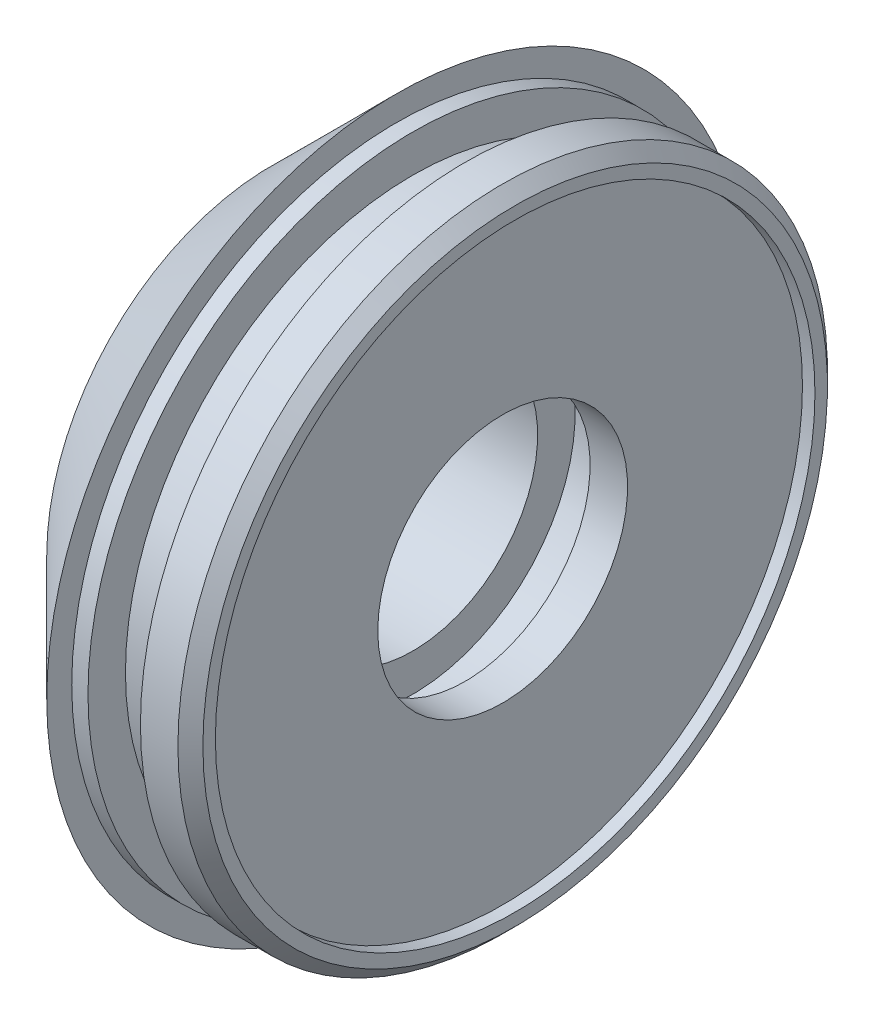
ISO-10303-21;
HEADER;
FILE_DESCRIPTION(('STEP AP214'),'2;1');
FILE_NAME('part.step','',(''),(''),'','','');
FILE_SCHEMA(('AUTOMOTIVE_DESIGN { 1 0 10303 214 1 1 1 1 }'));
ENDSEC;
DATA;
#1=APPLICATION_CONTEXT('core data for automotive mechanical design processes');
#2=APPLICATION_PROTOCOL_DEFINITION('international standard','automotive_design',2000,#1);
#3=PRODUCT_CONTEXT('',#1,'mechanical');
#4=PRODUCT('Part','Part','',(#3));
#5=PRODUCT_RELATED_PRODUCT_CATEGORY('part','',(#4));
#6=PRODUCT_DEFINITION_FORMATION('','',#4);
#7=PRODUCT_DEFINITION_CONTEXT('part definition',#1,'design');
#8=PRODUCT_DEFINITION('design','',#6,#7);
#9=PRODUCT_DEFINITION_SHAPE('','',#8);
#10=(LENGTH_UNIT() NAMED_UNIT(*) SI_UNIT(.MILLI.,.METRE.));
#11=(NAMED_UNIT(*) PLANE_ANGLE_UNIT() SI_UNIT($,.RADIAN.));
#12=(NAMED_UNIT(*) SI_UNIT($,.STERADIAN.) SOLID_ANGLE_UNIT());
#13=UNCERTAINTY_MEASURE_WITH_UNIT(LENGTH_MEASURE(1.E-05),#10,'distance_accuracy_value','');
#14=(GEOMETRIC_REPRESENTATION_CONTEXT(3) GLOBAL_UNCERTAINTY_ASSIGNED_CONTEXT((#13)) GLOBAL_UNIT_ASSIGNED_CONTEXT((#10,
#11,#12)) REPRESENTATION_CONTEXT('',''));
#15=CARTESIAN_POINT('',(0.,0.,0.));
#16=DIRECTION('',(0.,0.,1.));
#17=DIRECTION('',(1.,0.,0.));
#18=AXIS2_PLACEMENT_3D('',#15,#16,#17);
#19=CARTESIAN_POINT('',(-30.,0.,0.));
#20=DIRECTION('',(-1.,0.,0.));
#21=DIRECTION('',(0.,0.,1.));
#22=AXIS2_PLACEMENT_3D('',#19,#20,#21);
#23=CYLINDRICAL_SURFACE('',#22,11.5);
#24=CARTESIAN_POINT('',(5.65,0.,0.));
#25=DIRECTION('',(-1.,0.,0.));
#26=DIRECTION('',(0.,0.,1.));
#27=AXIS2_PLACEMENT_3D('',#24,#25,#26);
#28=CIRCLE('',#27,11.5);
#29=CARTESIAN_POINT('',(5.65,0.,11.5));
#30=VERTEX_POINT('',#29);
#31=EDGE_CURVE('E10',#30,#30,#28,.T.);
#32=ORIENTED_EDGE('',*,*,#31,.F.);
#33=EDGE_LOOP('',(#32));
#34=FACE_BOUND('',#33,.T.);
#35=CARTESIAN_POINT('',(7.75,0.,0.));
#36=DIRECTION('',(-1.,0.,0.));
#37=DIRECTION('',(0.,0.,1.));
#38=AXIS2_PLACEMENT_3D('',#35,#36,#37);
#39=CIRCLE('',#38,11.5);
#40=CARTESIAN_POINT('',(7.75,0.,11.5));
#41=VERTEX_POINT('',#40);
#42=EDGE_CURVE('E106',#41,#41,#39,.T.);
#43=ORIENTED_EDGE('',*,*,#42,.T.);
#44=EDGE_LOOP('',(#43));
#45=FACE_BOUND('',#44,.T.);
#46=ADVANCED_FACE('F35',(#34,#45),#23,.T.);
#47=CARTESIAN_POINT('',(5.65,13.,0.));
#48=DIRECTION('',(-1.,0.,0.));
#49=DIRECTION('',(0.,0.,1.));
#50=AXIS2_PLACEMENT_3D('',#47,#48,#49);
#51=PLANE('',#50);
#52=CARTESIAN_POINT('',(5.65,0.,0.));
#53=DIRECTION('',(-1.,0.,0.));
#54=DIRECTION('',(0.,0.,1.));
#55=AXIS2_PLACEMENT_3D('',#52,#53,#54);
#56=CIRCLE('',#55,13.);
#57=CARTESIAN_POINT('',(5.65,0.,13.));
#58=VERTEX_POINT('',#57);
#59=EDGE_CURVE('E42',#58,#58,#56,.T.);
#60=ORIENTED_EDGE('',*,*,#59,.F.);
#61=EDGE_LOOP('',(#60));
#62=FACE_BOUND('',#61,.T.);
#63=ORIENTED_EDGE('',*,*,#31,.T.);
#64=EDGE_LOOP('',(#63));
#65=FACE_BOUND('',#64,.T.);
#66=ADVANCED_FACE('F198',(#62,#65),#51,.F.);
#67=CARTESIAN_POINT('',(-30.,0.,0.));
#68=DIRECTION('',(-1.,0.,0.));
#69=DIRECTION('',(0.,0.,1.));
#70=AXIS2_PLACEMENT_3D('',#67,#68,#69);
#71=CYLINDRICAL_SURFACE('',#70,13.);
#72=CARTESIAN_POINT('',(5.,0.,0.));
#73=DIRECTION('',(-1.,0.,0.));
#74=DIRECTION('',(0.,0.,1.));
#75=AXIS2_PLACEMENT_3D('',#72,#73,#74);
#76=CIRCLE('',#75,13.);
#77=CARTESIAN_POINT('',(5.,0.,13.));
#78=VERTEX_POINT('',#77);
#79=EDGE_CURVE('E49',#78,#78,#76,.T.);
#80=ORIENTED_EDGE('',*,*,#79,.F.);
#81=EDGE_LOOP('',(#80));
#82=FACE_BOUND('',#81,.T.);
#83=ORIENTED_EDGE('',*,*,#59,.T.);
#84=EDGE_LOOP('',(#83));
#85=FACE_BOUND('',#84,.T.);
#86=ADVANCED_FACE('F193',(#82,#85),#71,.T.);
#87=CARTESIAN_POINT('',(4.99999999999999,14.0000000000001,-1.11022302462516E-13));
#88=DIRECTION('',(-1.,0.,0.));
#89=DIRECTION('',(0.,0.,1.));
#90=AXIS2_PLACEMENT_3D('',#87,#88,#89);
#91=PLANE('',#90);
#92=CARTESIAN_POINT('',(5.,0.,0.));
#93=DIRECTION('',(-1.,0.,0.));
#94=DIRECTION('',(0.,0.,1.));
#95=AXIS2_PLACEMENT_3D('',#92,#93,#94);
#96=CIRCLE('',#95,14.);
#97=CARTESIAN_POINT('',(5.,0.,14.));
#98=VERTEX_POINT('',#97);
#99=EDGE_CURVE('E55',#98,#98,#96,.T.);
#100=ORIENTED_EDGE('',*,*,#99,.F.);
#101=EDGE_LOOP('',(#100));
#102=FACE_BOUND('',#101,.T.);
#103=ORIENTED_EDGE('',*,*,#79,.T.);
#104=EDGE_LOOP('',(#103));
#105=FACE_BOUND('',#104,.T.);
#106=ADVANCED_FACE('F187',(#102,#105),#91,.F.);
#107=CARTESIAN_POINT('',(5.,0.,0.));
#108=DIRECTION('',(1.,0.,0.));
#109=DIRECTION('',(0.,0.,-1.));
#110=AXIS2_PLACEMENT_3D('',#107,#108,#109);
#111=CONICAL_SURFACE('',#110,14.,0.785398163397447);
#112=CARTESIAN_POINT('',(0.,0.,0.));
#113=DIRECTION('',(-1.,0.,0.));
#114=DIRECTION('',(0.,0.,1.));
#115=AXIS2_PLACEMENT_3D('',#112,#113,#114);
#116=CIRCLE('',#115,9.00000000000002);
#117=CARTESIAN_POINT('',(0.,0.,8.99999999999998));
#118=VERTEX_POINT('',#117);
#119=EDGE_CURVE('E61',#118,#118,#116,.T.);
#120=ORIENTED_EDGE('',*,*,#119,.F.);
#121=EDGE_LOOP('',(#120));
#122=FACE_BOUND('',#121,.T.);
#123=ORIENTED_EDGE('',*,*,#99,.T.);
#124=EDGE_LOOP('',(#123));
#125=FACE_BOUND('',#124,.T.);
#126=ADVANCED_FACE('F181',(#122,#125),#111,.T.);
#127=CARTESIAN_POINT('',(0.,4.99999999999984,-1.66533453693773E-13));
#128=DIRECTION('',(1.,0.,0.));
#129=DIRECTION('',(0.,0.,-1.));
#130=AXIS2_PLACEMENT_3D('',#127,#128,#129);
#131=PLANE('',#130);
#132=CARTESIAN_POINT('',(0.,0.,0.));
#133=DIRECTION('',(-1.,0.,0.));
#134=DIRECTION('',(0.,0.,1.));
#135=AXIS2_PLACEMENT_3D('',#132,#133,#134);
#136=CIRCLE('',#135,5.);
#137=CARTESIAN_POINT('',(0.,0.,4.99999999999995));
#138=VERTEX_POINT('',#137);
#139=EDGE_CURVE('E65',#138,#138,#136,.T.);
#140=ORIENTED_EDGE('',*,*,#139,.F.);
#141=EDGE_LOOP('',(#140));
#142=FACE_BOUND('',#141,.T.);
#143=ORIENTED_EDGE('',*,*,#119,.T.);
#144=EDGE_LOOP('',(#143));
#145=FACE_BOUND('',#144,.T.);
#146=ADVANCED_FACE('F175',(#142,#145),#131,.F.);
#147=CARTESIAN_POINT('',(-30.,0.,0.));
#148=DIRECTION('',(-1.,0.,0.));
#149=DIRECTION('',(0.,0.,1.));
#150=AXIS2_PLACEMENT_3D('',#147,#148,#149);
#151=CYLINDRICAL_SURFACE('',#150,5.);
#152=CARTESIAN_POINT('',(5.65,0.,0.));
#153=DIRECTION('',(-1.,0.,0.));
#154=DIRECTION('',(0.,0.,1.));
#155=AXIS2_PLACEMENT_3D('',#152,#153,#154);
#156=CIRCLE('',#155,5.);
#157=CARTESIAN_POINT('',(5.65,0.,4.99999999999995));
#158=VERTEX_POINT('',#157);
#159=EDGE_CURVE('E69',#158,#158,#156,.T.);
#160=ORIENTED_EDGE('',*,*,#159,.F.);
#161=EDGE_LOOP('',(#160));
#162=FACE_BOUND('',#161,.T.);
#163=ORIENTED_EDGE('',*,*,#139,.T.);
#164=EDGE_LOOP('',(#163));
#165=FACE_BOUND('',#164,.T.);
#166=ADVANCED_FACE('F169',(#162,#165),#151,.F.);
#167=CARTESIAN_POINT('',(5.65,4.99999999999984,-1.66533453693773E-13));
#168=DIRECTION('',(-1.,0.,0.));
#169=DIRECTION('',(0.,0.,1.));
#170=AXIS2_PLACEMENT_3D('',#167,#168,#169);
#171=PLANE('',#170);
#172=CARTESIAN_POINT('',(5.65,0.,0.));
#173=DIRECTION('',(-1.,0.,0.));
#174=DIRECTION('',(0.,0.,1.));
#175=AXIS2_PLACEMENT_3D('',#172,#173,#174);
#176=CIRCLE('',#175,6.5);
#177=CARTESIAN_POINT('',(5.65,0.,6.49999999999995));
#178=VERTEX_POINT('',#177);
#179=EDGE_CURVE('E73',#178,#178,#176,.T.);
#180=ORIENTED_EDGE('',*,*,#179,.F.);
#181=EDGE_LOOP('',(#180));
#182=FACE_BOUND('',#181,.T.);
#183=ORIENTED_EDGE('',*,*,#159,.T.);
#184=EDGE_LOOP('',(#183));
#185=FACE_BOUND('',#184,.T.);
#186=ADVANCED_FACE('F163',(#182,#185),#171,.F.);
#187=CARTESIAN_POINT('',(-30.,0.,0.));
#188=DIRECTION('',(-1.,0.,0.));
#189=DIRECTION('',(0.,0.,1.));
#190=AXIS2_PLACEMENT_3D('',#187,#188,#189);
#191=CYLINDRICAL_SURFACE('',#190,6.5);
#192=CARTESIAN_POINT('',(7.75000000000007,0.,0.));
#193=DIRECTION('',(-1.,0.,0.));
#194=DIRECTION('',(0.,0.,1.));
#195=AXIS2_PLACEMENT_3D('',#192,#193,#194);
#196=CIRCLE('',#195,6.5);
#197=CARTESIAN_POINT('',(7.75000000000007,0.,6.49999999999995));
#198=VERTEX_POINT('',#197);
#199=EDGE_CURVE('E76',#198,#198,#196,.T.);
#200=ORIENTED_EDGE('',*,*,#199,.F.);
#201=EDGE_LOOP('',(#200));
#202=FACE_BOUND('',#201,.T.);
#203=ORIENTED_EDGE('',*,*,#179,.T.);
#204=EDGE_LOOP('',(#203));
#205=FACE_BOUND('',#204,.T.);
#206=ADVANCED_FACE('F157',(#202,#205),#191,.F.);
#207=CARTESIAN_POINT('',(7.75000000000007,6.50000000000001,0.));
#208=DIRECTION('',(1.,0.,0.));
#209=DIRECTION('',(0.,0.,-1.));
#210=AXIS2_PLACEMENT_3D('',#207,#208,#209);
#211=PLANE('',#210);
#212=CARTESIAN_POINT('',(7.75000000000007,0.,0.));
#213=DIRECTION('',(-1.,0.,0.));
#214=DIRECTION('',(0.,0.,1.));
#215=AXIS2_PLACEMENT_3D('',#212,#213,#214);
#216=CIRCLE('',#215,5.);
#217=CARTESIAN_POINT('',(7.75000000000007,0.,4.99999999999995));
#218=VERTEX_POINT('',#217);
#219=EDGE_CURVE('E80',#218,#218,#216,.T.);
#220=ORIENTED_EDGE('',*,*,#219,.F.);
#221=EDGE_LOOP('',(#220));
#222=FACE_BOUND('',#221,.T.);
#223=ORIENTED_EDGE('',*,*,#199,.T.);
#224=EDGE_LOOP('',(#223));
#225=FACE_BOUND('',#224,.T.);
#226=ADVANCED_FACE('F151',(#222,#225),#211,.F.);
#227=CARTESIAN_POINT('',(-30.,0.,0.));
#228=DIRECTION('',(-1.,0.,0.));
#229=DIRECTION('',(0.,0.,1.));
#230=AXIS2_PLACEMENT_3D('',#227,#228,#229);
#231=CYLINDRICAL_SURFACE('',#230,5.00000000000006);
#232=CARTESIAN_POINT('',(9.24999999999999,0.,0.));
#233=DIRECTION('',(-1.,0.,0.));
#234=DIRECTION('',(0.,0.,1.));
#235=AXIS2_PLACEMENT_3D('',#232,#233,#234);
#236=CIRCLE('',#235,5.00000000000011);
#237=CARTESIAN_POINT('',(9.24999999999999,0.,5.00000000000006));
#238=VERTEX_POINT('',#237);
#239=EDGE_CURVE('E84',#238,#238,#236,.T.);
#240=ORIENTED_EDGE('',*,*,#239,.F.);
#241=EDGE_LOOP('',(#240));
#242=FACE_BOUND('',#241,.T.);
#243=ORIENTED_EDGE('',*,*,#219,.T.);
#244=EDGE_LOOP('',(#243));
#245=FACE_BOUND('',#244,.T.);
#246=ADVANCED_FACE('F145',(#242,#245),#231,.F.);
#247=CARTESIAN_POINT('',(9.24999999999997,11.9999999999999,-1.11022302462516E-13));
#248=DIRECTION('',(-1.,0.,0.));
#249=DIRECTION('',(0.,0.,1.));
#250=AXIS2_PLACEMENT_3D('',#247,#248,#249);
#251=PLANE('',#250);
#252=CARTESIAN_POINT('',(9.24999999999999,0.,0.));
#253=DIRECTION('',(-1.,0.,0.));
#254=DIRECTION('',(0.,0.,1.));
#255=AXIS2_PLACEMENT_3D('',#252,#253,#254);
#256=CIRCLE('',#255,12.);
#257=CARTESIAN_POINT('',(9.24999999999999,0.,12.));
#258=VERTEX_POINT('',#257);
#259=EDGE_CURVE('E87',#258,#258,#256,.T.);
#260=ORIENTED_EDGE('',*,*,#259,.F.);
#261=EDGE_LOOP('',(#260));
#262=FACE_BOUND('',#261,.T.);
#263=ORIENTED_EDGE('',*,*,#239,.T.);
#264=EDGE_LOOP('',(#263));
#265=FACE_BOUND('',#264,.T.);
#266=ADVANCED_FACE('F139',(#262,#265),#251,.F.);
#267=CARTESIAN_POINT('',(-30.,0.,0.));
#268=DIRECTION('',(-1.,0.,0.));
#269=DIRECTION('',(0.,0.,1.));
#270=AXIS2_PLACEMENT_3D('',#267,#268,#269);
#271=CYLINDRICAL_SURFACE('',#270,12.);
#272=CARTESIAN_POINT('',(9.75,0.,0.));
#273=DIRECTION('',(-1.,0.,0.));
#274=DIRECTION('',(0.,0.,1.));
#275=AXIS2_PLACEMENT_3D('',#272,#273,#274);
#276=CIRCLE('',#275,12.);
#277=CARTESIAN_POINT('',(9.75,0.,12.));
#278=VERTEX_POINT('',#277);
#279=EDGE_CURVE('E91',#278,#278,#276,.T.);
#280=ORIENTED_EDGE('',*,*,#279,.F.);
#281=EDGE_LOOP('',(#280));
#282=FACE_BOUND('',#281,.T.);
#283=ORIENTED_EDGE('',*,*,#259,.T.);
#284=EDGE_LOOP('',(#283));
#285=FACE_BOUND('',#284,.T.);
#286=ADVANCED_FACE('F133',(#282,#285),#271,.F.);
#287=CARTESIAN_POINT('',(9.74999999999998,12.5,0.));
#288=DIRECTION('',(-1.,0.,0.));
#289=DIRECTION('',(0.,0.,1.));
#290=AXIS2_PLACEMENT_3D('',#287,#288,#289);
#291=PLANE('',#290);
#292=CARTESIAN_POINT('',(9.75,0.,0.));
#293=DIRECTION('',(-1.,0.,0.));
#294=DIRECTION('',(0.,0.,1.));
#295=AXIS2_PLACEMENT_3D('',#292,#293,#294);
#296=CIRCLE('',#295,12.5);
#297=CARTESIAN_POINT('',(9.75,0.,12.5));
#298=VERTEX_POINT('',#297);
#299=EDGE_CURVE('E94',#298,#298,#296,.T.);
#300=ORIENTED_EDGE('',*,*,#299,.F.);
#301=EDGE_LOOP('',(#300));
#302=FACE_BOUND('',#301,.T.);
#303=ORIENTED_EDGE('',*,*,#279,.T.);
#304=EDGE_LOOP('',(#303));
#305=FACE_BOUND('',#304,.T.);
#306=ADVANCED_FACE('F127',(#302,#305),#291,.F.);
#307=CARTESIAN_POINT('',(9.75,0.,0.));
#308=DIRECTION('',(-1.,0.,0.));
#309=DIRECTION('',(0.,0.,1.));
#310=AXIS2_PLACEMENT_3D('',#307,#308,#309);
#311=CONICAL_SURFACE('',#310,12.5,0.785398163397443);
#312=CARTESIAN_POINT('',(9.25,0.,0.));
#313=DIRECTION('',(-1.,0.,0.));
#314=DIRECTION('',(0.,0.,1.));
#315=AXIS2_PLACEMENT_3D('',#312,#313,#314);
#316=CIRCLE('',#315,13.);
#317=CARTESIAN_POINT('',(9.25,0.,13.));
#318=VERTEX_POINT('',#317);
#319=EDGE_CURVE('E98',#318,#318,#316,.T.);
#320=ORIENTED_EDGE('',*,*,#319,.F.);
#321=EDGE_LOOP('',(#320));
#322=FACE_BOUND('',#321,.T.);
#323=ORIENTED_EDGE('',*,*,#299,.T.);
#324=EDGE_LOOP('',(#323));
#325=FACE_BOUND('',#324,.T.);
#326=ADVANCED_FACE('F121',(#322,#325),#311,.T.);
#327=CARTESIAN_POINT('',(-30.,0.,0.));
#328=DIRECTION('',(-1.,0.,0.));
#329=DIRECTION('',(0.,0.,1.));
#330=AXIS2_PLACEMENT_3D('',#327,#328,#329);
#331=CYLINDRICAL_SURFACE('',#330,13.);
#332=CARTESIAN_POINT('',(7.75,0.,0.));
#333=DIRECTION('',(-1.,0.,0.));
#334=DIRECTION('',(0.,0.,1.));
#335=AXIS2_PLACEMENT_3D('',#332,#333,#334);
#336=CIRCLE('',#335,13.);
#337=CARTESIAN_POINT('',(7.75,0.,13.));
#338=VERTEX_POINT('',#337);
#339=EDGE_CURVE('E102',#338,#338,#336,.T.);
#340=ORIENTED_EDGE('',*,*,#339,.F.);
#341=EDGE_LOOP('',(#340));
#342=FACE_BOUND('',#341,.T.);
#343=ORIENTED_EDGE('',*,*,#319,.T.);
#344=EDGE_LOOP('',(#343));
#345=FACE_BOUND('',#344,.T.);
#346=ADVANCED_FACE('F115',(#342,#345),#331,.T.);
#347=CARTESIAN_POINT('',(7.74999999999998,11.5,-1.66533453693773E-13));
#348=DIRECTION('',(1.,0.,0.));
#349=DIRECTION('',(0.,0.,-1.));
#350=AXIS2_PLACEMENT_3D('',#347,#348,#349);
#351=PLANE('',#350);
#352=ORIENTED_EDGE('',*,*,#42,.F.);
#353=EDGE_LOOP('',(#352));
#354=FACE_BOUND('',#353,.T.);
#355=ORIENTED_EDGE('',*,*,#339,.T.);
#356=EDGE_LOOP('',(#355));
#357=FACE_BOUND('',#356,.T.);
#358=ADVANCED_FACE('F112',(#354,#357),#351,.F.);
#359=CLOSED_SHELL('',(#46,#66,#86,#106,#126,#146,#166,#186,#206,#226,#246,#266,#286,#306,#326,
#346,#358));
#360=MANIFOLD_SOLID_BREP('B2',#359);
#361=ADVANCED_BREP_SHAPE_REPRESENTATION('',(#18,#360),#14);
#362=SHAPE_DEFINITION_REPRESENTATION(#9,#361);
ENDSEC;
END-ISO-10303-21;
###
◆ EXERCISE PROMPT: A verbatim transcription is needed of the lines above, starting at the line with "#320=ORIENTED_EDGE('',*,*,#319,.F.);" and ending at the line with "#330=AXIS2_PLACEMENT_3D('',#327,#328,#329);", both included, and of nothing else.

◆ SOLUTION FOR THIS TASK:
#320=ORIENTED_EDGE('',*,*,#319,.F.);
#321=EDGE_LOOP('',(#320));
#322=FACE_BOUND('',#321,.T.);
#323=ORIENTED_EDGE('',*,*,#299,.T.);
#324=EDGE_LOOP('',(#323));
#325=FACE_BOUND('',#324,.T.);
#326=ADVANCED_FACE('F121',(#322,#325),#311,.T.);
#327=CARTESIAN_POINT('',(-30.,0.,0.));
#328=DIRECTION('',(-1.,0.,0.));
#329=DIRECTION('',(0.,0.,1.));
#330=AXIS2_PLACEMENT_3D('',#327,#328,#329);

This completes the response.